Well, it could, but there are so many ways it could _not work_, too! We all remember what happened with the _Quest for the Legends_ movie, after all.



> I think I'd want one that doesn't focus on Pokémon battles at all. That's what I see as being the most contrived part for a live-action movie - that's a rather anime/video game type of thing. Something to do with the actual magical nature of Pokémon and a related, emotion-full adventure sounds much better.

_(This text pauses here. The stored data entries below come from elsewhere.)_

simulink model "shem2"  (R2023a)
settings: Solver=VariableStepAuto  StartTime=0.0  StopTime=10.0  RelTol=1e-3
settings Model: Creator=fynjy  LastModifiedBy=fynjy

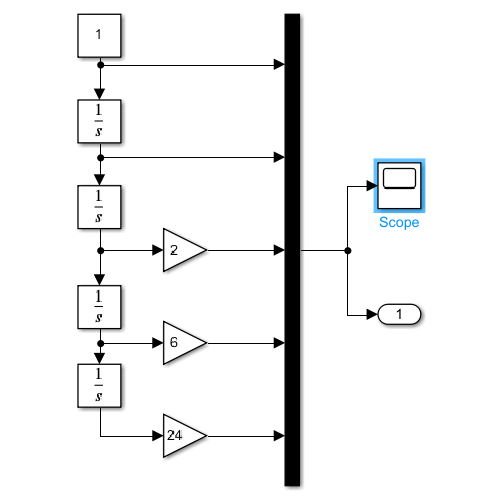
[thumbnail: Simulink's stored preview of the top-level diagram]
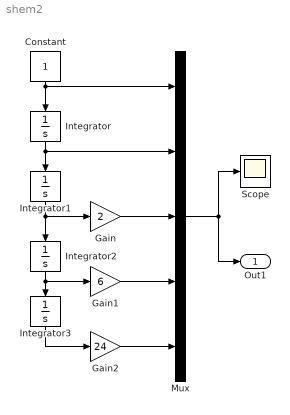
== system shem2 ==
  Constant : Constant
  Gain : Gain  Gain=2
  Gain1 : Gain  Gain=6
  Gain2 : Gain  Gain=24
  Integrator{,1..3} (4 alike) : Integrator
  Mux : Mux  Inputs=5
  Scope : Scope
  Out1 : Outport
  wires:
  Constant/1 -> Mux/1, Integrator/1
  Integrator/1 -> Integrator1/1, Mux/2
  Mux/1 -> Out1/1, Scope/1
  Integrator1/1 -> Gain/1, Integrator2/1
  Integrator2/1 -> Gain1/1, Integrator3/1
  Integrator3/1 -> Gain2/1
  Gain2/1 -> Mux/5
  Gain1/1 -> Mux/4
  Gain/1 -> Mux/3
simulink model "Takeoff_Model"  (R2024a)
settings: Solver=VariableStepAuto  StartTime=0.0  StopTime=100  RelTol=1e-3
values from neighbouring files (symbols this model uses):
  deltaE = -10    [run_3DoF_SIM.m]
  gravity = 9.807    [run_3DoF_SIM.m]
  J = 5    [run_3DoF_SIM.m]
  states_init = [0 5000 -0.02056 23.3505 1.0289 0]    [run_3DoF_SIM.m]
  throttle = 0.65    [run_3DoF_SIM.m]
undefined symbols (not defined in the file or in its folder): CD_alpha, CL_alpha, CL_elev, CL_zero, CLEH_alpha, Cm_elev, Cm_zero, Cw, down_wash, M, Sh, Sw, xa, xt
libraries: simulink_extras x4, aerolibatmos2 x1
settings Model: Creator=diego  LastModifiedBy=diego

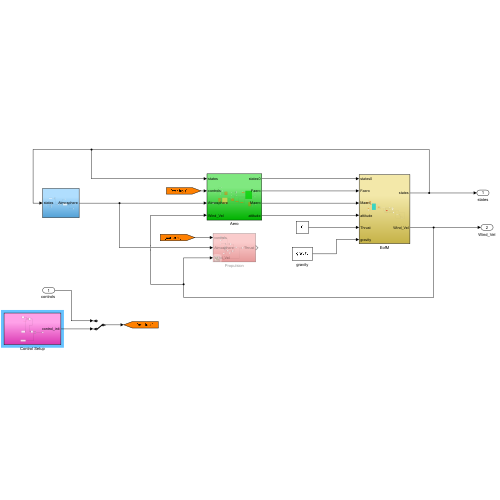
[thumbnail: Simulink's stored preview of the top-level diagram]
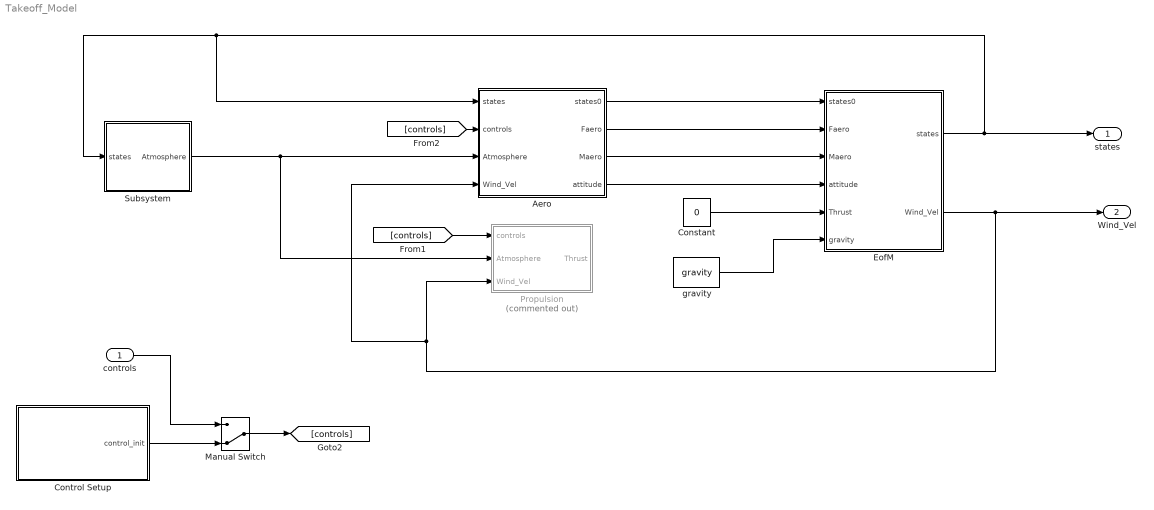
== system Takeoff_Model ==
  "controls " : Inport
  Aero : Subsystem
  Constant : Constant  Value=0
  Control Setup : Subsystem
  EofM : Subsystem
  Manual Switch : ManualSwitch  CurrentSetting=0
  Propulsion : Subsystem  Commented=on
  Subsystem : Subsystem
  gravity : Constant  Value=gravity
  states : Outport
  Wind_Vel : Outport  Port=2
  wires:
  Aero/2(Faero) -> EofM/2(Faero)
  Aero/3(Maero) -> EofM/3(Maero)
  EofM/1(states) -> Subsystem/1(states), Aero/1(states), states/1
  Subsystem/1(Atmosphere) -> Aero/3(Atmosphere), Propulsion/2(Atmosphere)
  EofM/2(Wind_Vel) -> Propulsion/3(Wind_Vel), Aero/4(Wind_Vel), Wind_Vel/1
  Aero/1(states0) -> EofM/1(states0)
  Control Setup/1(control_init) -> Manual Switch/2
  "controls "/1 -> Manual Switch/1
  [controls] -> Aero/2(controls)
  [controls] -> Propulsion/1("controls ")
  Manual Switch/1 -> [controls]
  Aero/4(attitude) -> EofM/4(attitude)
  gravity/1 -> EofM/6(gravity)
  Constant/1 -> EofM/5(Thrust)

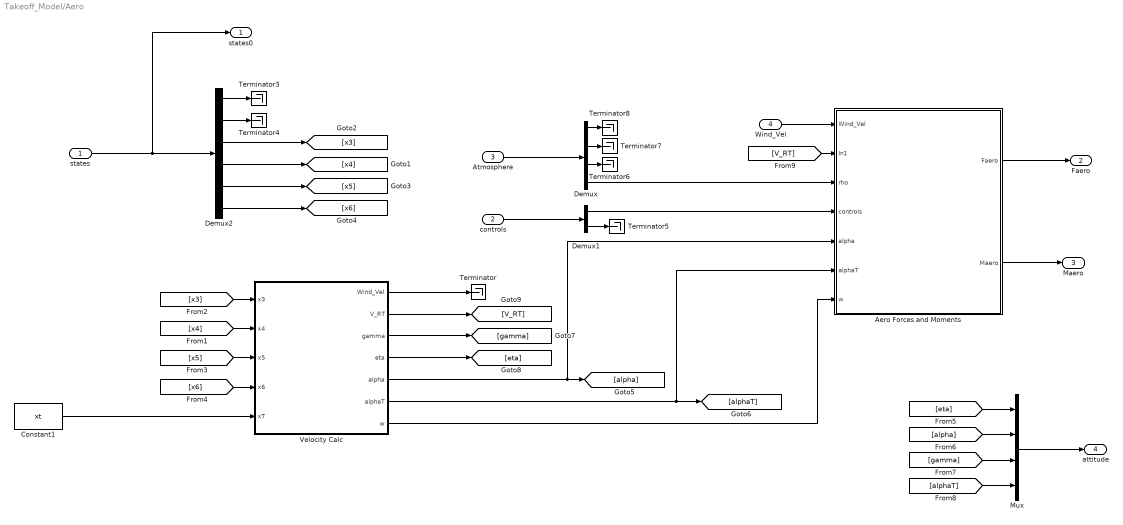
== system Takeoff_Model/Aero ==
  states : Inport
  controls : Inport  Port=2
  Atmosphere : Inport  Port=3
  Wind_Vel : Inport  Port=4
  Aero Forces and Moments : Subsystem
  Constant1 : Constant  Value=xt
  Demux : Demux
  Demux1 : Demux  Outputs=2
  Demux2 : Demux  Outputs=6
  Mux : Mux
  Terminator{,3..8} (7 alike) : Terminator
  Velocity Calc : Subsystem
  states0 : Outport
  Faero : Outport  Port=2
  Maero : Outport  Port=3
  attitude : Outport  Port=4
  wires:
  Atmosphere/1 -> Demux/1
  states/1 -> Demux2/1, states0/1
  Wind_Vel/1 -> Aero Forces and Moments/1(Wind_Vel)
  Demux/4 -> Aero Forces and Moments/3(rho)
  Aero Forces and Moments/1(Faero) -> Faero/1
  Aero Forces and Moments/2(Maero) -> Maero/1
  controls/1 -> Demux1/1
  Demux1/1 -> Aero Forces and Moments/4(controls)
  Constant1/1 -> Velocity Calc/5(xT)
  Velocity Calc/4(eta) -> [eta]
  Velocity Calc/1(Wind_Vel) -> Terminator/1
  Velocity Calc/3(gamma) -> [gamma]
  Demux2/1 -> Terminator3/1
  Demux2/2 -> Terminator4/1
  Demux2/3 -> [x3]
  Demux2/4 -> [x4]
  Demux2/5 -> [x5]
  Demux2/6 -> [x6]
  Demux1/2 -> Terminator5/1
  Demux/1 -> Terminator8/1
  Demux/2 -> Terminator7/1
  Demux/3 -> Terminator6/1
  Velocity Calc/5(alpha) -> Aero Forces and Moments/5(alpha), [alpha]
  Velocity Calc/6(alphaT) -> Aero Forces and Moments/6(alphaT), [alphaT]
  Velocity Calc/7(w) -> Aero Forces and Moments/7(w)
  [x3] -> Velocity Calc/1(x3)
  [x4] -> Velocity Calc/2(x4)
  [x6] -> Velocity Calc/4(x6)
  [x5] -> Velocity Calc/3(x5)
  Mux/1 -> attitude/1
  [eta] -> Mux/1
  [alpha] -> Mux/2
  [gamma] -> Mux/3
  [alphaT] -> Mux/4
  Velocity Calc/2(V_RT) -> [V_RT]
  [V_RT] -> Aero Forces and Moments/2(In1)

== system Takeoff_Model/Control Setup ==
  Add : Sum  Inputs=+++
  Constant : Constant  Value=deltaE
  Constant1 : Constant  Value=throttle
  Degrees to Radians : simulink_extras/Transformations/Degrees to Radians
  Mux : Mux  Inputs=2
  Step : Step  Time=10  After=-15  SampleTime=0
  control_init : Outport
  wires:
  Constant1/1 -> Mux/2
  Degrees to Radians/1 -> Mux/1
  Mux/1 -> control_init/1
  Step/1 -> Add/1
  ? -> Add/2
  Constant/1 -> Add/3
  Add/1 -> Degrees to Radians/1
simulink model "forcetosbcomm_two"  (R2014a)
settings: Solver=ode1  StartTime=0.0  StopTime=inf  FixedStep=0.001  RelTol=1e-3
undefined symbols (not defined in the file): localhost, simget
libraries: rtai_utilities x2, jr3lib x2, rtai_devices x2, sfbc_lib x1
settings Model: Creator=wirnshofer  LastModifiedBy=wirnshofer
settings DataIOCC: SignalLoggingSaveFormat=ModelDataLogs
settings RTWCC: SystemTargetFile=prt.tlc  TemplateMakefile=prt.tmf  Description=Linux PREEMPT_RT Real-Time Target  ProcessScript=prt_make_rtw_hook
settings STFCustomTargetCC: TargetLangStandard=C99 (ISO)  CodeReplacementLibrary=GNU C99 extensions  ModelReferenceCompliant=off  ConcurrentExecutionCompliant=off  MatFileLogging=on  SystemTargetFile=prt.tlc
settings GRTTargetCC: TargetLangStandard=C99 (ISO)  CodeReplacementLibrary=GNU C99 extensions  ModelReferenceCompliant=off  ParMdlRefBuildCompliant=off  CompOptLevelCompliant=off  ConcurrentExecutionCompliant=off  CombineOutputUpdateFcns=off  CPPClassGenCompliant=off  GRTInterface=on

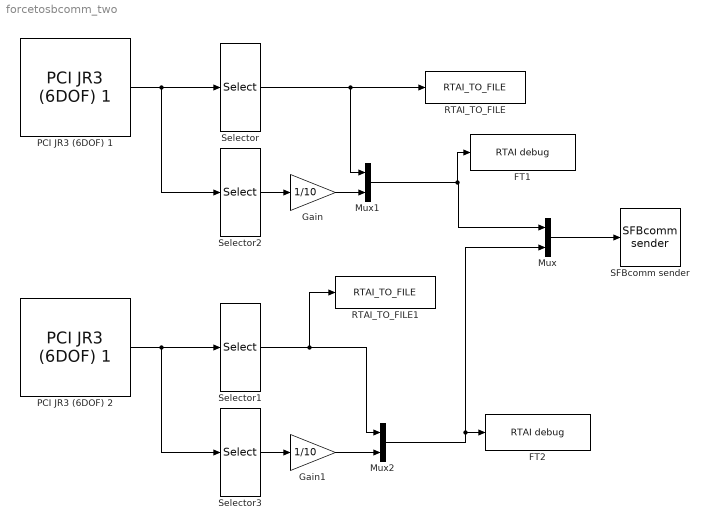
== system forcetosbcomm_two ==
  FT1 : rtai_utilities/RTAI debug  rate=1
  FT2 : rtai_utilities/RTAI debug  rate=1
  Gain : Gain  Gain=1/10
  Gain1 : Gain  Gain=1/10
  Mux : Mux  Inputs=2
  Mux1 : Mux  Inputs=2
  Mux2 : Mux  Inputs=2
  PCI JR3 (6DOF) 1 : jr3lib/PCI JR3 (6DOF) 1  bd_number=0  filter_nr=1  sampletime=simget(bdroot,'FixedStep')  begin_reset=on
  PCI JR3 (6DOF) 2 : jr3lib/PCI JR3 (6DOF) 1  bd_number=1  filter_nr=1  sampletime=simget(bdroot,'FixedStep')  begin_reset=on
  RTAI_TO_FILE : rtai_devices/RTAI_TO_FILE  N=3  InType=double  FileName='F1.dat'  FpOutStr='%f '  TStartStop=[1.1 50]  T=0.001  Confirm=off  Cutoff=off
  RTAI_TO_FILE1 : rtai_devices/RTAI_TO_FILE  N=3  InType=double  FileName='F2.dat'  FpOutStr='%f '  TStartStop=[1.1 50]  T=0.001  Confirm=off  Cutoff=off
  SFBcomm sender : sfbc_lib/SFBcomm sender  localPort=11112  streamID=1  remoteSettings=localhost:14531  portNames=A  connectTimeout=200  sampleTime=-1
  Selector : Selector  InputPortWidth=6  Indices=[1 2 3]
  Selector1 : Selector  InputPortWidth=6  Indices=[1 2 3]
  Selector2 : Selector  InputPortWidth=6  Indices=4:6
  Selector3 : Selector  InputPortWidth=6  Indices=4:6
  wires:
  PCI JR3 (6DOF) 1/1 -> Selector2/1, Selector/1
  Mux/1 -> SFBcomm sender/1
  Selector/1 -> Mux1/1, RTAI_TO_FILE/1
  Selector2/1 -> Gain/1
  Gain/1 -> Mux1/2
  PCI JR3 (6DOF) 2/1 -> Selector3/1, Selector1/1
  Selector1/1 -> RTAI_TO_FILE1/1, Mux2/1
  Selector3/1 -> Gain1/1
  Gain1/1 -> Mux2/2
  Mux1/1 -> FT1/1, Mux/1
  Mux2/1 -> Mux/2, FT2/1

> But then there's the story/script, which... like, there are a lot of things absolutely typical of these kinds of adaptations which would probably be applied to this and which would be pretty terrible when applied to Pokémon? For instance, I'd be very surprised if the movie didn't end up focusing on the generic personal problems of the "relatable" human characters while the Pokémon exist more or less solely to provide explosions and maybe a "cute" moment or two


Yeah, I feel like what I really want out of a pokémon movie is pretty far removed from what you see in a typical summer blockbuster action flick. I mean, the anime movies have already given us more than enough legendary rampaging/evil people controlling powerful pokémon, but those would seem like the go-to plots for a summer blockbuster kind of movie. I think that live action is likely to be _worse_ than straight animation for pretty much any other plotline, tbh, if only because something quieter would probably require a lot more interaction with the pokémon, and that would be harder to CGI. I also feel like it would need to be set in the real world or at least a different part of the pokéworld than we've been shown before. Like Sandstone-Shadow said, there's a magical kind of feeling to the world, particularly as it's portrayed in the anime, that I think it would be hard to capture with live action. And what Butterfree said about them most likely sidelining the pokémon so they're more set dressing/mobile magic weapons than anything else is also probably bang on, unfortunately. Ultimately mons fighting is a big part of the franchise, a lot of people watch and enjoy the anime/movies solely for the opportunity of watching pokémon whale on each other (I can't lie, this is pretty much the only draw of the anime as it currently stands for me as well), and given that this is exactly what live action + CGI portrays well, I can't imagine them _not_ making it the centerpiece of the movie. Which, for me, is just disappointing. But I suppose that's why I read fanfic rather than watching any of the canon adaptations. XD

Also, I was just thinking... what if they got Michael Bay to direct the movie? He's had huge success wit his adaptation of Transformers and he then got called in to do TMNT (though we don't yet know how that will fare), so he's had experience working with established franchises... and the movies he makes are huge action blockbusters, which I think they're probably hoping for in going for something live-action... and his movies have raked in a disgusting amount of money... I mean, he could well not be interested, but other than that it makes altogether too much sense to me? And that's so, so much do not want. (itt I have continued anxiety over a movie that could well never happen)


----------



## Murkrow (Apr 16, 2016)

*Re: Potential Live-Action Pokémon Movie*

There is a way they could do it without really jarring cartoon CG, or using horrific "realistic" Pokémon! They could film the entire thing with the Pokémon being off-screen the entire time.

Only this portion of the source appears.